Your goal: Only a slice of the listing below is wanted. Retype the lines from the one containing "#10512 = VERTEX_POINT ( 'NONE', #5417 ) ;" through the one containing "#21507 = EDGE_CURVE", exactly, both ends included.

(Exercise material)

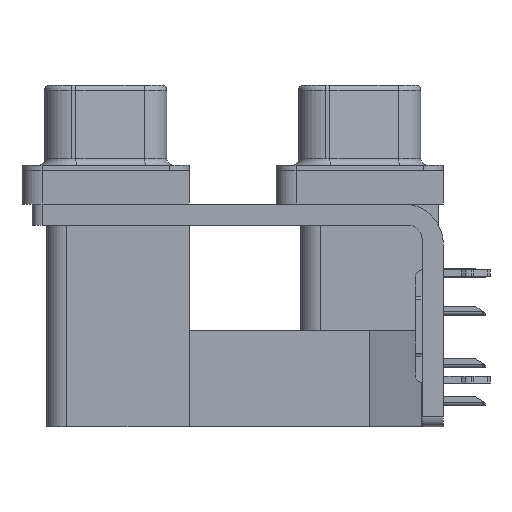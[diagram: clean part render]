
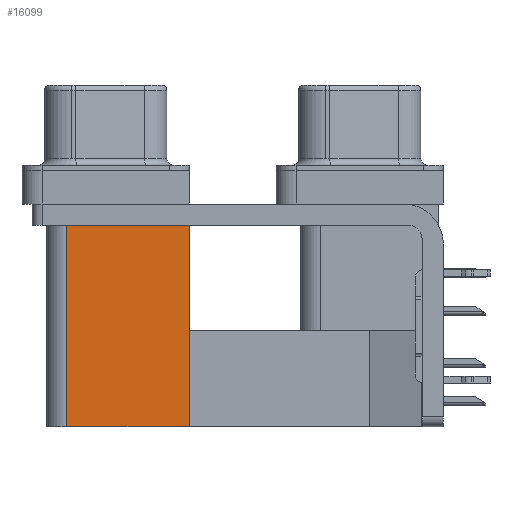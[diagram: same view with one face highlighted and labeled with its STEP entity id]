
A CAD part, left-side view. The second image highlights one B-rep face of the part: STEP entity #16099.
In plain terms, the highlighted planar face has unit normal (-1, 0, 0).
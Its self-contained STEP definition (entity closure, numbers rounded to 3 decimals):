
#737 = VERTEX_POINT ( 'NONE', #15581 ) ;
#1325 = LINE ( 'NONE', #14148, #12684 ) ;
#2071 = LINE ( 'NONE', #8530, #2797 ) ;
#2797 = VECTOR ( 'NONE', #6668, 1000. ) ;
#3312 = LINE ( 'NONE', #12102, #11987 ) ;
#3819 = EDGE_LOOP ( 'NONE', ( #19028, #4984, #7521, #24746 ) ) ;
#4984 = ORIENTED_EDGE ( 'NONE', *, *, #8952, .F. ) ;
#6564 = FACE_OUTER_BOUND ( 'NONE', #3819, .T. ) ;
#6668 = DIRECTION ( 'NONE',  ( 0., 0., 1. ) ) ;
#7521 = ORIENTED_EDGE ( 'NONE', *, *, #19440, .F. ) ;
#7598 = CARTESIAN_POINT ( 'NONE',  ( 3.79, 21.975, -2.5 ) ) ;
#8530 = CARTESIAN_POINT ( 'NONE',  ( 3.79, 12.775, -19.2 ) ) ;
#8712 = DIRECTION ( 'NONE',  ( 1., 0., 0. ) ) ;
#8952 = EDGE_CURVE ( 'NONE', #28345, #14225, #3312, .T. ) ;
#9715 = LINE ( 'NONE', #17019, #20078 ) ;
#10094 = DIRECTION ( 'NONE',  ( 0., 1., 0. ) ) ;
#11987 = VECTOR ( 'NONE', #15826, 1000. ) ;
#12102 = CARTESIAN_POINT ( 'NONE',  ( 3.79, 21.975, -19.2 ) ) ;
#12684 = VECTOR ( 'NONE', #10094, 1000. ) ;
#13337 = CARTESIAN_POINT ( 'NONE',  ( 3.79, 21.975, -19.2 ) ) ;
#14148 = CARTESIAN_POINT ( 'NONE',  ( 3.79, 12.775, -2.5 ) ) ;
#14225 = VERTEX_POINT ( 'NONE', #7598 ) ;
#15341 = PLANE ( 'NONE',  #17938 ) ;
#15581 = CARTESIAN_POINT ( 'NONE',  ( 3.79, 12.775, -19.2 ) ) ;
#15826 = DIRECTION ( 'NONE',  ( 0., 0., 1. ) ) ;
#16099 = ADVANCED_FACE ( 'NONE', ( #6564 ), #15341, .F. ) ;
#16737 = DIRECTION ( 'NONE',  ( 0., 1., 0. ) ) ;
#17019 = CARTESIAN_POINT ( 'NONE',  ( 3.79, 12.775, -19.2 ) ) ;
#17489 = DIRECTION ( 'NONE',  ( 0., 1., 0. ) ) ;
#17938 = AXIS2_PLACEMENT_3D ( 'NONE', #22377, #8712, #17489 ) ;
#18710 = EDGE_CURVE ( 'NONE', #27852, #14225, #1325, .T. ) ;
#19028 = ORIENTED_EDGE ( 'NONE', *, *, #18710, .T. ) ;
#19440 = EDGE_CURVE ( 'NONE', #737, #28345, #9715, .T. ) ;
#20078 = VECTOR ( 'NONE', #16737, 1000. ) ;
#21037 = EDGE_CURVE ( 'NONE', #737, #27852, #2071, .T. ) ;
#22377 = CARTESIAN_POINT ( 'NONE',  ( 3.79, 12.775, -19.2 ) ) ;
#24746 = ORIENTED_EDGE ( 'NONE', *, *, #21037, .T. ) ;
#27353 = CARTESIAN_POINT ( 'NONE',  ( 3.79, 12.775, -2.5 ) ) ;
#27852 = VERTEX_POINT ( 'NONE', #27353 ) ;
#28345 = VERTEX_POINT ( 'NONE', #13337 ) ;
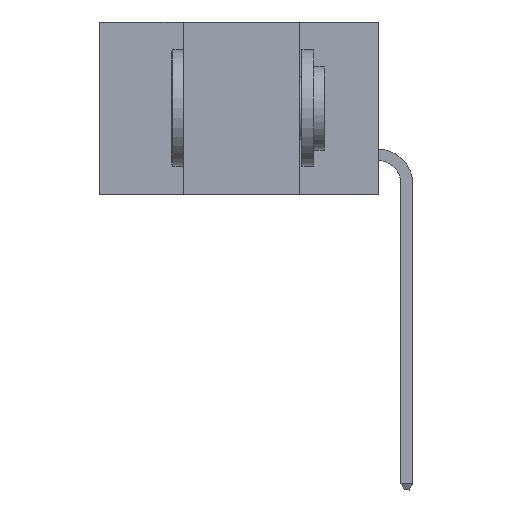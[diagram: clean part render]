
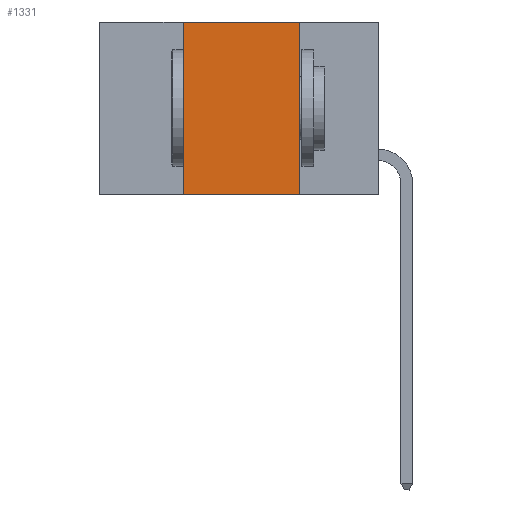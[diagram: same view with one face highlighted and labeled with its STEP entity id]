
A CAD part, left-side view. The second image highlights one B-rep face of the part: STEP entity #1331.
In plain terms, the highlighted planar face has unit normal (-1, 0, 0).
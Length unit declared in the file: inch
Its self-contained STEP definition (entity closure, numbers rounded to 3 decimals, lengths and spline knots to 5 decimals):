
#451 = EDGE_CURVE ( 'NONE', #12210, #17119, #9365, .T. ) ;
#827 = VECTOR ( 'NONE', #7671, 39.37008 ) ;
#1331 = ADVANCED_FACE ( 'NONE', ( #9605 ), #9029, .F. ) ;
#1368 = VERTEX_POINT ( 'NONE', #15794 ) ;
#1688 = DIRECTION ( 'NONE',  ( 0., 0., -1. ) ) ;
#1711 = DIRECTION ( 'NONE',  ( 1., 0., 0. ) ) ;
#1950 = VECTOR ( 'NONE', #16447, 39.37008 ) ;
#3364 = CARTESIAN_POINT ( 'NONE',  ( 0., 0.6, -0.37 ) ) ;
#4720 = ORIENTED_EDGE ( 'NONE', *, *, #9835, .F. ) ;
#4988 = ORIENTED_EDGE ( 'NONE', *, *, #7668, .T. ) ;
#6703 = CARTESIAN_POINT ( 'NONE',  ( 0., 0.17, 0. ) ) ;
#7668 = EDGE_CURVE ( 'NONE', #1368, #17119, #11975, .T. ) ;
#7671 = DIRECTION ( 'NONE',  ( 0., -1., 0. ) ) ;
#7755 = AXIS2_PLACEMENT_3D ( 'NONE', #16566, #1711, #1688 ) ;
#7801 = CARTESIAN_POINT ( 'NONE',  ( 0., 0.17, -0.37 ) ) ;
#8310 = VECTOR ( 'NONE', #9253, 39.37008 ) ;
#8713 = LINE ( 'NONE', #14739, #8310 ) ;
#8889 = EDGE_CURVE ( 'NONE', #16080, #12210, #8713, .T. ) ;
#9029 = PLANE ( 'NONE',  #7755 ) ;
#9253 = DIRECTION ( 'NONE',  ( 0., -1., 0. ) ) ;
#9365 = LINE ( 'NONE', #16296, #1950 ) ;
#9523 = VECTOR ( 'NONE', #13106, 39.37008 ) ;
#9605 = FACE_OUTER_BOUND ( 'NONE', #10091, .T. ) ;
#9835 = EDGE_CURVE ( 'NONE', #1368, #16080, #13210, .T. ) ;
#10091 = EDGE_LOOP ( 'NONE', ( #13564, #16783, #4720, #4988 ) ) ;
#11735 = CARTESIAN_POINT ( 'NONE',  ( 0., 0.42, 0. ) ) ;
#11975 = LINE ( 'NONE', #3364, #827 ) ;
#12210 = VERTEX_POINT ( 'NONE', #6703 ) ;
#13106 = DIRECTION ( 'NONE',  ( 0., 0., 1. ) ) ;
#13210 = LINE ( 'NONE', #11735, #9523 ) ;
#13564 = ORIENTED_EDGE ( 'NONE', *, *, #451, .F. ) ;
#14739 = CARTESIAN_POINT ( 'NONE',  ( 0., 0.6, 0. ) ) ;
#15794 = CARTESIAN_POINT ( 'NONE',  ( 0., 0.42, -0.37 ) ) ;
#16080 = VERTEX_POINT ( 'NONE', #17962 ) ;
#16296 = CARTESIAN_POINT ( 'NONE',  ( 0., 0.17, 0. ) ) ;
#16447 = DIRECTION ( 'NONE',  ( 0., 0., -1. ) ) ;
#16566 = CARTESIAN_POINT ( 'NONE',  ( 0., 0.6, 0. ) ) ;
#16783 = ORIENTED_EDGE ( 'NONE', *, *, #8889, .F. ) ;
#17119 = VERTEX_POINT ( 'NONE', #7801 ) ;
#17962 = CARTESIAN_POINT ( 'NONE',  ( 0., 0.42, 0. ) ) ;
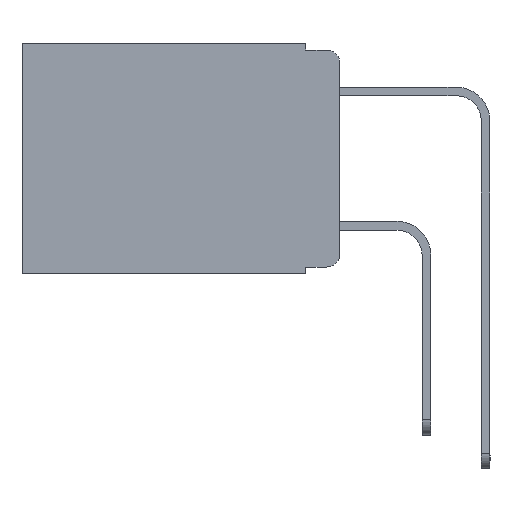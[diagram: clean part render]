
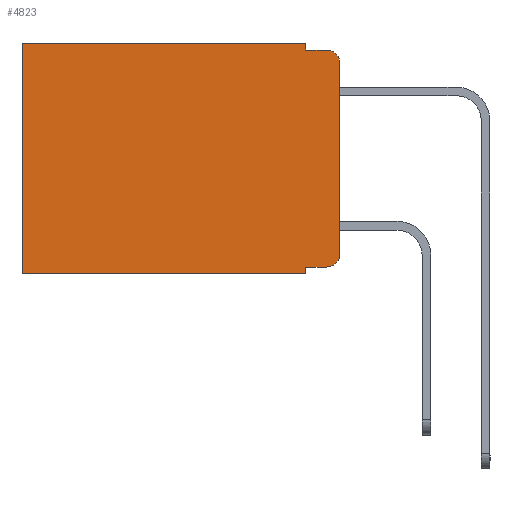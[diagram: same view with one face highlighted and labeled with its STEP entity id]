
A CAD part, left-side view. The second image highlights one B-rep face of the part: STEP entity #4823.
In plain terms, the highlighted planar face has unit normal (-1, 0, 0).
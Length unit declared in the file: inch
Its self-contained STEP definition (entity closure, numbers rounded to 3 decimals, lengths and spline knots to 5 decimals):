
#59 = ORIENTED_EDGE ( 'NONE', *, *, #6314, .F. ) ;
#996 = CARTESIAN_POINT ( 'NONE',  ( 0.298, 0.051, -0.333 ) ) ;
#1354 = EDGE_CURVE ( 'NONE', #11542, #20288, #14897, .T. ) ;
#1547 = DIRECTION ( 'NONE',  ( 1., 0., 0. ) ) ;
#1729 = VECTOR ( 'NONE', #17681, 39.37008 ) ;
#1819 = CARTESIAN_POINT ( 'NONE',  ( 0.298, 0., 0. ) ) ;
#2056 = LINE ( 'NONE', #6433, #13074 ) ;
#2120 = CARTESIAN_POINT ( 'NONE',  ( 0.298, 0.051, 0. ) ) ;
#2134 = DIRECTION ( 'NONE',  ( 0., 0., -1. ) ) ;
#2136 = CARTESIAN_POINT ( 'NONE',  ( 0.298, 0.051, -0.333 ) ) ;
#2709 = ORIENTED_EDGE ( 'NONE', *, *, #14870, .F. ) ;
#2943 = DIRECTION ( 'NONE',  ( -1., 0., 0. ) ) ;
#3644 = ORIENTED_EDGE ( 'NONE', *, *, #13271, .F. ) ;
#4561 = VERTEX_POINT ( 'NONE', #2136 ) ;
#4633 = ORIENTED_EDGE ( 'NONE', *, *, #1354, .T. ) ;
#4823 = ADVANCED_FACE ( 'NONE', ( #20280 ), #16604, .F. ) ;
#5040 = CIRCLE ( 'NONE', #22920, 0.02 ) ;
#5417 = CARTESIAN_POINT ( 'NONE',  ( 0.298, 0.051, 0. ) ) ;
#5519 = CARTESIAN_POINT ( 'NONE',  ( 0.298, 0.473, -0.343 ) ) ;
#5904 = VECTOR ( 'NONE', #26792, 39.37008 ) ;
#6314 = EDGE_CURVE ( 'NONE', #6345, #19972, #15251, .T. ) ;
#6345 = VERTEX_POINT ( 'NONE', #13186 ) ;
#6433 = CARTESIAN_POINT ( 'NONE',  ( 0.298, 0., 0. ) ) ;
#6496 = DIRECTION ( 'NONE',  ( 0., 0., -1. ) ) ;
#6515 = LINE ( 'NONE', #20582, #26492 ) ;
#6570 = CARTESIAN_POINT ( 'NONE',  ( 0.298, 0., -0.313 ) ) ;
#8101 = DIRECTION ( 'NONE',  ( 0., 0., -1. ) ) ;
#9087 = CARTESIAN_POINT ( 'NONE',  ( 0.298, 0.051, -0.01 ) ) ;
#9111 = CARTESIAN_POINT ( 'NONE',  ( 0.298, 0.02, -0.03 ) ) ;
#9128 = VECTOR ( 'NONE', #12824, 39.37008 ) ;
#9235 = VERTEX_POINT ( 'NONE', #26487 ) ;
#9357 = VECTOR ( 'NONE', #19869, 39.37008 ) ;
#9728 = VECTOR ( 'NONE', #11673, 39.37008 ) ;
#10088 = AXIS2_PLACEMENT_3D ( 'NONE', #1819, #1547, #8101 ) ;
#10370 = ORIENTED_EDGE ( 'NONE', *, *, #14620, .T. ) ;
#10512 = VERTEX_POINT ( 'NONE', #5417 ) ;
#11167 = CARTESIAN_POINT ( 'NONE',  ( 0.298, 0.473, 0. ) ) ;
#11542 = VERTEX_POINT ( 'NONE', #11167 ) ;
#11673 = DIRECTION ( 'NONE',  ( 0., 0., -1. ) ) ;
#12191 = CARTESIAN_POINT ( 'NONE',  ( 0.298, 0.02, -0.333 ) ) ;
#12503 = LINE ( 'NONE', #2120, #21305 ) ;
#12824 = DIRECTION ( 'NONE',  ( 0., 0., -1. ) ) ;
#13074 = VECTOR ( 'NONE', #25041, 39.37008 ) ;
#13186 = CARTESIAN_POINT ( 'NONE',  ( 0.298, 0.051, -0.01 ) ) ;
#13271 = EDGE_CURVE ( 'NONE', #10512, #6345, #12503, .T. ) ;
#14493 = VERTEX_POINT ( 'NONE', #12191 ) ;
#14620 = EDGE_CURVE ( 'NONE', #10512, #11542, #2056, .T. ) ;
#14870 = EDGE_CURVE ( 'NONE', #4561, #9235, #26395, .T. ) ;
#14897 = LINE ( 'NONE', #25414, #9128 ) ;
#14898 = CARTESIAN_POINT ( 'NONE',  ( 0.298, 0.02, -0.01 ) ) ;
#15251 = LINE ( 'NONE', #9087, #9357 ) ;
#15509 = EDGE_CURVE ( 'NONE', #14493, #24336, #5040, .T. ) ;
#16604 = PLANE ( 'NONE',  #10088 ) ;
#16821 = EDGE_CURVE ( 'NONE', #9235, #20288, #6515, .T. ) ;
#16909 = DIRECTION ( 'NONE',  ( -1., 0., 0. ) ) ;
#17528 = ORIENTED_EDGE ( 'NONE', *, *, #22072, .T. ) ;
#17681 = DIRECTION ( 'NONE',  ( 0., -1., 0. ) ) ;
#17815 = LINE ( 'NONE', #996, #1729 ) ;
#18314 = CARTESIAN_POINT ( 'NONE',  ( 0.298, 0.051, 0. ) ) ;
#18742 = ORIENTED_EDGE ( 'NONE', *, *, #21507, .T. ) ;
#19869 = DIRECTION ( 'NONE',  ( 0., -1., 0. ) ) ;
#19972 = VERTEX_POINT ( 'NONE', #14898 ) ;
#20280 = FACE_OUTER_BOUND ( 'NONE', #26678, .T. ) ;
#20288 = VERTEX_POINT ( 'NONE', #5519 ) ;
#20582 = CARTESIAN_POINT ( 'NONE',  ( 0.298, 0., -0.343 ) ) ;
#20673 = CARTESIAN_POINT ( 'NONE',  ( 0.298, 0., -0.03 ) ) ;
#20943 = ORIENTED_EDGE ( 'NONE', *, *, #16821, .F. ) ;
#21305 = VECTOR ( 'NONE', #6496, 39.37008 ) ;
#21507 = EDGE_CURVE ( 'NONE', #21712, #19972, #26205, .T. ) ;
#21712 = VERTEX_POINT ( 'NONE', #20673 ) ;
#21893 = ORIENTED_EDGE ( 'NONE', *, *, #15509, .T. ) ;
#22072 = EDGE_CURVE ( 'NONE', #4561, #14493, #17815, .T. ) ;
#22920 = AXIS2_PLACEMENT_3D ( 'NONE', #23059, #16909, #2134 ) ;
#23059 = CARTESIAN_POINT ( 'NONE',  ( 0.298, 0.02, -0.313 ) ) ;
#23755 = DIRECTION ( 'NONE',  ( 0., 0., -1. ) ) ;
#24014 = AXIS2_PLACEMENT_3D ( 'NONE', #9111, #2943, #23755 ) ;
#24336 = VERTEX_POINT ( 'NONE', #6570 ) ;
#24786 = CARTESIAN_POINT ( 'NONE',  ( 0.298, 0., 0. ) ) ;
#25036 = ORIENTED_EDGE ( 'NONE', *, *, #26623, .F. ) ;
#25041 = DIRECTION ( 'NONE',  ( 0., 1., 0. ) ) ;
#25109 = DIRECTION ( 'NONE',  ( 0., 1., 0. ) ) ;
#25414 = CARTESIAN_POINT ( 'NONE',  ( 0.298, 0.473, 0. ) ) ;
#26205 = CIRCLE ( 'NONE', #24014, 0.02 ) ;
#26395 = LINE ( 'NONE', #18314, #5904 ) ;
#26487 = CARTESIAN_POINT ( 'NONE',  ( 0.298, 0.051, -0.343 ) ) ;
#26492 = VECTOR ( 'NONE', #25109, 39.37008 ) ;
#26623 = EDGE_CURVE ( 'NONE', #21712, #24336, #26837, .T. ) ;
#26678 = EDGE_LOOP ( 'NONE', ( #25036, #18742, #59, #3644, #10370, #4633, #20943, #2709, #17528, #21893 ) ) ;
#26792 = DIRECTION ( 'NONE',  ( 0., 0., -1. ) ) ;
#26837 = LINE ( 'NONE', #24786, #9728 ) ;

(End Exercise material)

Solved exercise:
#10512 = VERTEX_POINT ( 'NONE', #5417 ) ;
#11167 = CARTESIAN_POINT ( 'NONE',  ( 0.298, 0.473, 0. ) ) ;
#11542 = VERTEX_POINT ( 'NONE', #11167 ) ;
#11673 = DIRECTION ( 'NONE',  ( 0., 0., -1. ) ) ;
#12191 = CARTESIAN_POINT ( 'NONE',  ( 0.298, 0.02, -0.333 ) ) ;
#12503 = LINE ( 'NONE', #2120, #21305 ) ;
#12824 = DIRECTION ( 'NONE',  ( 0., 0., -1. ) ) ;
#13074 = VECTOR ( 'NONE', #25041, 39.37008 ) ;
#13186 = CARTESIAN_POINT ( 'NONE',  ( 0.298, 0.051, -0.01 ) ) ;
#13271 = EDGE_CURVE ( 'NONE', #10512, #6345, #12503, .T. ) ;
#14493 = VERTEX_POINT ( 'NONE', #12191 ) ;
#14620 = EDGE_CURVE ( 'NONE', #10512, #11542, #2056, .T. ) ;
#14870 = EDGE_CURVE ( 'NONE', #4561, #9235, #26395, .T. ) ;
#14897 = LINE ( 'NONE', #25414, #9128 ) ;
#14898 = CARTESIAN_POINT ( 'NONE',  ( 0.298, 0.02, -0.01 ) ) ;
#15251 = LINE ( 'NONE', #9087, #9357 ) ;
#15509 = EDGE_CURVE ( 'NONE', #14493, #24336, #5040, .T. ) ;
#16604 = PLANE ( 'NONE',  #10088 ) ;
#16821 = EDGE_CURVE ( 'NONE', #9235, #20288, #6515, .T. ) ;
#16909 = DIRECTION ( 'NONE',  ( -1., 0., 0. ) ) ;
#17528 = ORIENTED_EDGE ( 'NONE', *, *, #22072, .T. ) ;
#17681 = DIRECTION ( 'NONE',  ( 0., -1., 0. ) ) ;
#17815 = LINE ( 'NONE', #996, #1729 ) ;
#18314 = CARTESIAN_POINT ( 'NONE',  ( 0.298, 0.051, 0. ) ) ;
#18742 = ORIENTED_EDGE ( 'NONE', *, *, #21507, .T. ) ;
#19869 = DIRECTION ( 'NONE',  ( 0., -1., 0. ) ) ;
#19972 = VERTEX_POINT ( 'NONE', #14898 ) ;
#20280 = FACE_OUTER_BOUND ( 'NONE', #26678, .T. ) ;
#20288 = VERTEX_POINT ( 'NONE', #5519 ) ;
#20582 = CARTESIAN_POINT ( 'NONE',  ( 0.298, 0., -0.343 ) ) ;
#20673 = CARTESIAN_POINT ( 'NONE',  ( 0.298, 0., -0.03 ) ) ;
#20943 = ORIENTED_EDGE ( 'NONE', *, *, #16821, .F. ) ;
#21305 = VECTOR ( 'NONE', #6496, 39.37008 ) ;
#21507 = EDGE_CURVE ( 'NONE', #21712, #19972, #26205, .T. ) ;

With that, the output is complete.